» **Brief**: From the entries below, retype only the lines from the one with "# ---------- 3. GP15" through the one with "# ---------- 4. supervisors: CT", exactly as written.
::::
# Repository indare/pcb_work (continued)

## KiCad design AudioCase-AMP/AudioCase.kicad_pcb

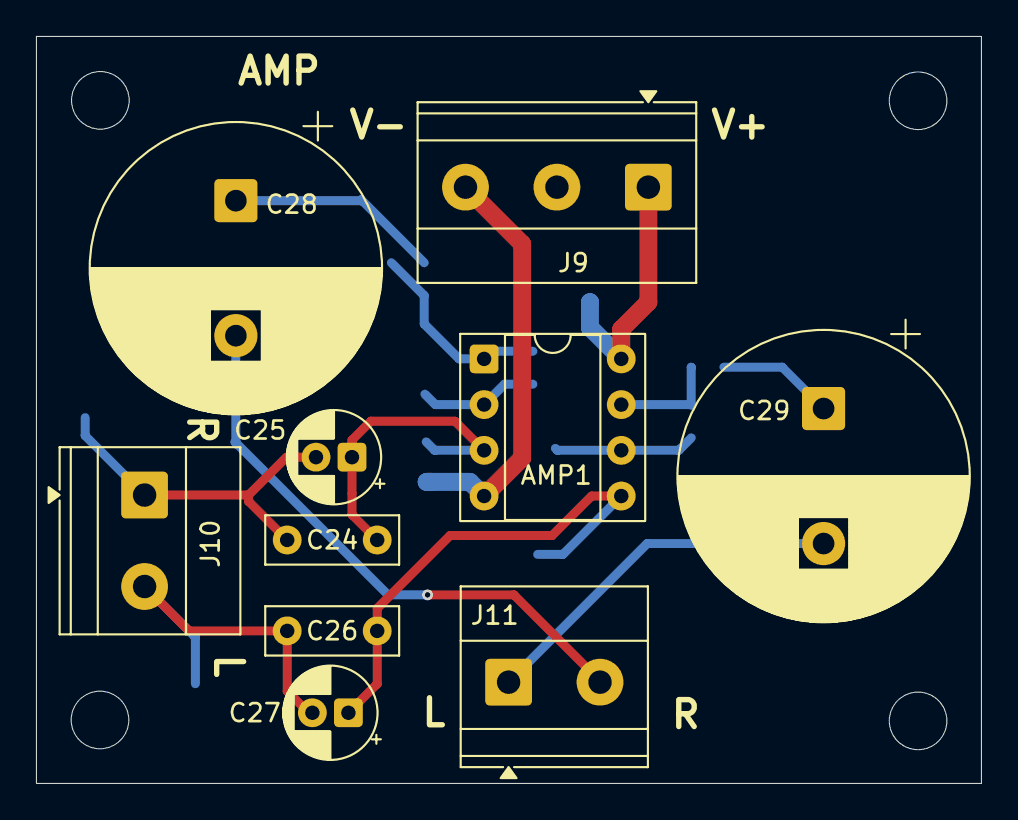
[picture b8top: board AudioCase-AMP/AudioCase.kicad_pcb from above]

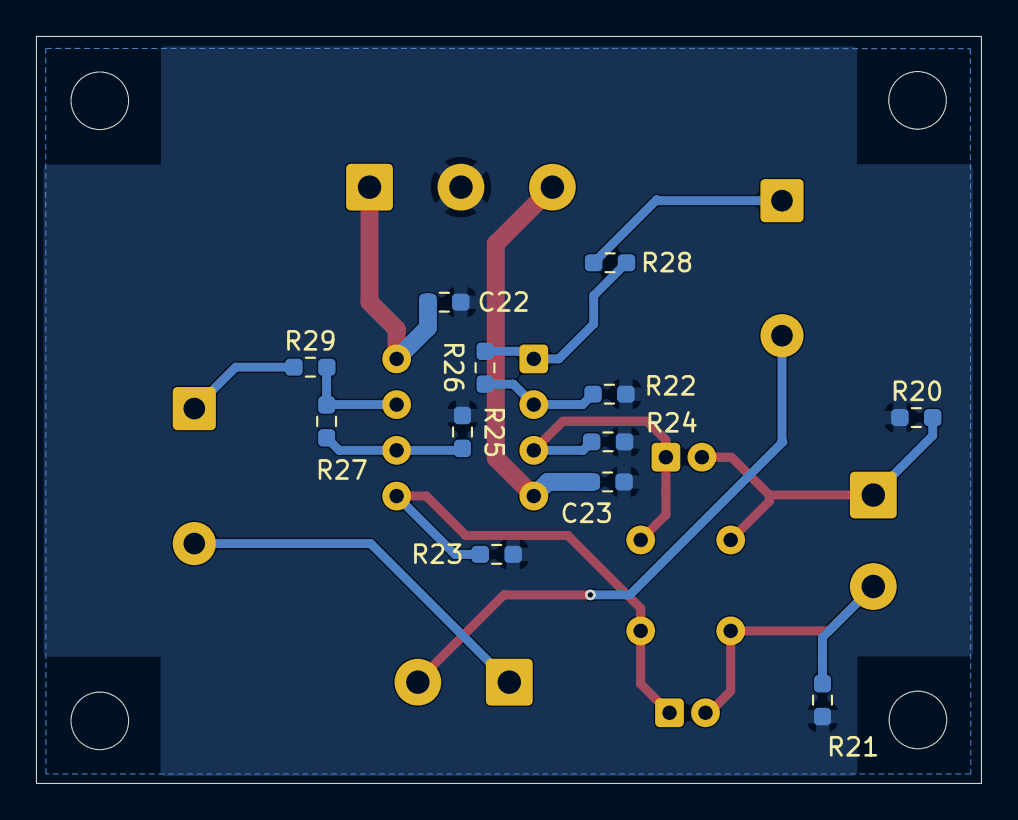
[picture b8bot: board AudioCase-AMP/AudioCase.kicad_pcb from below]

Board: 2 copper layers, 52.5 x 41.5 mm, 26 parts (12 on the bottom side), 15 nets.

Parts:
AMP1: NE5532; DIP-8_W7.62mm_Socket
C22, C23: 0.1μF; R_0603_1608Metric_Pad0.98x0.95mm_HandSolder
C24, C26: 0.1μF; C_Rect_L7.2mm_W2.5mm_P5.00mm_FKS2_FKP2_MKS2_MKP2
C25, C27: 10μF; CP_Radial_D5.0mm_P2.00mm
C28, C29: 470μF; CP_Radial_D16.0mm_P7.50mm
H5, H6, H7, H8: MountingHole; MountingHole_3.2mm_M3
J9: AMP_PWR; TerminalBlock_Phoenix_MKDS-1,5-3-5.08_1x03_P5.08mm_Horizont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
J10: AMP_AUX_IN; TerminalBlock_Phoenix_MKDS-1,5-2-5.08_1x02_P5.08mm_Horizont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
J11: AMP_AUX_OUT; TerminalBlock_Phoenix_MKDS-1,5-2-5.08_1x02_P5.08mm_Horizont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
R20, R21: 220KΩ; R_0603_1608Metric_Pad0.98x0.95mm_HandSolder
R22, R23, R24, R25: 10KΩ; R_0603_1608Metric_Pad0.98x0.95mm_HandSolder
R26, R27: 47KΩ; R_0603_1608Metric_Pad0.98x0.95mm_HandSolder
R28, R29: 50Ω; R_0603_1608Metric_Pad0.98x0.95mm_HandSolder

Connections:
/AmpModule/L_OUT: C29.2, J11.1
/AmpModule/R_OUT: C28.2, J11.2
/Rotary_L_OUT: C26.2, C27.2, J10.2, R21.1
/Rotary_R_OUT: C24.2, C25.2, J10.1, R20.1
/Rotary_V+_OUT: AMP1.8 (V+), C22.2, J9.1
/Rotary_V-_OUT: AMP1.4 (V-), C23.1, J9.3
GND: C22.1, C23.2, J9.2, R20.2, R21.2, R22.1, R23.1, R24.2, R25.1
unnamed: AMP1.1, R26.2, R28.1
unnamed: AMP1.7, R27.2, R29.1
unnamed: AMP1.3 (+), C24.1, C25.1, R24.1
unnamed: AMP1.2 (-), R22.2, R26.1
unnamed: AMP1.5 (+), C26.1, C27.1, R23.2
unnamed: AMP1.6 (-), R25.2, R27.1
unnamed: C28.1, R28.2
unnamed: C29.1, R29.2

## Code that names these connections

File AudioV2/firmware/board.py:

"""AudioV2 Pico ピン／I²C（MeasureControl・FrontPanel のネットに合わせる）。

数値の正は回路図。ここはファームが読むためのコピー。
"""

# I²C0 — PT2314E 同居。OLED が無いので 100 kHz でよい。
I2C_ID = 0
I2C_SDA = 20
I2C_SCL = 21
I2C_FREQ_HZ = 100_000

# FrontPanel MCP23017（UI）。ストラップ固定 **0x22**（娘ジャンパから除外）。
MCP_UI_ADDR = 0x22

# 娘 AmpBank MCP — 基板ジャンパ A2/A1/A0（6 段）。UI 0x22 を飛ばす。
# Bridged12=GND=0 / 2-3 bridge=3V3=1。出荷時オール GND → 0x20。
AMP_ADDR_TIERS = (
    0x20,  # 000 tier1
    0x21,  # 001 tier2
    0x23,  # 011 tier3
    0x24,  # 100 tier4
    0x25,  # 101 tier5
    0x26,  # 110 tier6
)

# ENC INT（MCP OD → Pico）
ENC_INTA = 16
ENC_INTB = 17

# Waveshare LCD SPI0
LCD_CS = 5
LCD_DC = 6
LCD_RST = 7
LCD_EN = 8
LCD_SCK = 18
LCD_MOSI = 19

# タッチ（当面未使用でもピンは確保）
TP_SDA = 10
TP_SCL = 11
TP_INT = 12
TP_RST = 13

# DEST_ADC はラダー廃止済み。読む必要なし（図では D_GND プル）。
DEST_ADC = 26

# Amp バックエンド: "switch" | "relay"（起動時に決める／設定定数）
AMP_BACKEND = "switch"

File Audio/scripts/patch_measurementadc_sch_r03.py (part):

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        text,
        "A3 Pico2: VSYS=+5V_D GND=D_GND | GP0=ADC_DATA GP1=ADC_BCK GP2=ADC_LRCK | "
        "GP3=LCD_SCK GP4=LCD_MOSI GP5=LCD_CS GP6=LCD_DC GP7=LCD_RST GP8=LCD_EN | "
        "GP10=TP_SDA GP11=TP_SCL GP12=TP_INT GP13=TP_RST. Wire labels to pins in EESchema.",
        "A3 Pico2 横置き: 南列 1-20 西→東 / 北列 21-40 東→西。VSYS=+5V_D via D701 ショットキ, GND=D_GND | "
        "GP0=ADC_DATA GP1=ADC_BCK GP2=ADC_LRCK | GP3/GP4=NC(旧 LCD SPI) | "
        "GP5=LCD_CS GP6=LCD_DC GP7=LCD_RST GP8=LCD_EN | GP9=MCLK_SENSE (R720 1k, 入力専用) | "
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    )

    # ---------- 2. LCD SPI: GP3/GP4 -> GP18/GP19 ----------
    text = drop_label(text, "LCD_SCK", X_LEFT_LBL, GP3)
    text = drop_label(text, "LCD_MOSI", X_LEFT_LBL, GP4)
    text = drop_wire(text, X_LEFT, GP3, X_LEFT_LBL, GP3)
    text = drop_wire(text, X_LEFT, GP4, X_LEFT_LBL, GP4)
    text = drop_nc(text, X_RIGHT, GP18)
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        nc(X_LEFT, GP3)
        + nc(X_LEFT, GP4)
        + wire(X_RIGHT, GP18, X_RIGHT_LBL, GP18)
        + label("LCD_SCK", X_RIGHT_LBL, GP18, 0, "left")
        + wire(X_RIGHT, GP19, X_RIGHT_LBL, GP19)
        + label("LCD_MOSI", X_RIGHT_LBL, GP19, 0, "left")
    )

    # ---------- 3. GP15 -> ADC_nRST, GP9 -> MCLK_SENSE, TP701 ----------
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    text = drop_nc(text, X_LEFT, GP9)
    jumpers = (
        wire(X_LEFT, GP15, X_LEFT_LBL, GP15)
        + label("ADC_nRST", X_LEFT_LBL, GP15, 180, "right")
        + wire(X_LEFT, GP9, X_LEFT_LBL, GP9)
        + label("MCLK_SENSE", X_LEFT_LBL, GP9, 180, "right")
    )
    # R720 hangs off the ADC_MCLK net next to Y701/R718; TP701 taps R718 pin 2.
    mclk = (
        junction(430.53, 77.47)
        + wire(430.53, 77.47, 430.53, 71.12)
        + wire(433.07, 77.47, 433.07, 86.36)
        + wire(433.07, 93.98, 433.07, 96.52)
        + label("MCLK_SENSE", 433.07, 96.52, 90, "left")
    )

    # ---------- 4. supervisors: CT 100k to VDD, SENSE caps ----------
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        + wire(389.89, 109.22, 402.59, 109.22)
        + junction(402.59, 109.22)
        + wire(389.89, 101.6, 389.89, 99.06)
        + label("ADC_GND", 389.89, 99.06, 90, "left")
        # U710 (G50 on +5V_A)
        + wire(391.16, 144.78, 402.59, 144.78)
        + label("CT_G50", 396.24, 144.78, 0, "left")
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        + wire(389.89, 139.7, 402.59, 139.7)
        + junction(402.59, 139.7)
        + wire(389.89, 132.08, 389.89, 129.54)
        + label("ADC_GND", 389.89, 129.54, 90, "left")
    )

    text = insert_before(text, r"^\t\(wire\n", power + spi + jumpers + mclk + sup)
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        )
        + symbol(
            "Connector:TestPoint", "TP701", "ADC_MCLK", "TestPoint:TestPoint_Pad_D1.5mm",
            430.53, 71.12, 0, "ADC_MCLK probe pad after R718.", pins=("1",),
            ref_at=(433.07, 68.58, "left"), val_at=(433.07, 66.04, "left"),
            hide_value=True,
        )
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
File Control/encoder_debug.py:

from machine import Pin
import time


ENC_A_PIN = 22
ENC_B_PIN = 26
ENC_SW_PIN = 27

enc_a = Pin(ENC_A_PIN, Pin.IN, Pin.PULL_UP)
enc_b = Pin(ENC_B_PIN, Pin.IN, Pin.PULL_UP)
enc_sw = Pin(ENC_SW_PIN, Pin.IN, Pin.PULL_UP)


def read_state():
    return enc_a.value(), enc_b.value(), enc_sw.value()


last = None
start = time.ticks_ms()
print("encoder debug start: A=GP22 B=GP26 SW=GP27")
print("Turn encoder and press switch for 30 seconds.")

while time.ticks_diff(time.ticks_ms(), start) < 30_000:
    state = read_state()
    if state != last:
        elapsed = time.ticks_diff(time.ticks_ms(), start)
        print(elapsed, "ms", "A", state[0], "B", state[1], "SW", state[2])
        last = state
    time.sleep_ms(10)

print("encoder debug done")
::::
» **Result**:
    # ---------- 3. GP15 -> ADC_nRST, GP9 -> MCLK_SENSE, TP701 ----------
    text = drop_nc(text, X_LEFT, GP9)
    jumpers = (
        wire(X_LEFT, GP15, X_LEFT_LBL, GP15)
        + label("ADC_nRST", X_LEFT_LBL, GP15, 180, "right")
        + wire(X_LEFT, GP9, X_LEFT_LBL, GP9)
        + label("MCLK_SENSE", X_LEFT_LBL, GP9, 180, "right")
    )
    # R720 hangs off the ADC_MCLK net next to Y701/R718; TP701 taps R718 pin 2.
    mclk = (
        junction(430.53, 77.47)
        + wire(430.53, 77.47, 430.53, 71.12)
        + wire(433.07, 77.47, 433.07, 86.36)
        + wire(433.07, 93.98, 433.07, 96.52)
        + label("MCLK_SENSE", 433.07, 96.52, 90, "left")
    )

    # ---------- 4. supervisors: CT 100k to VDD, SENSE caps ----------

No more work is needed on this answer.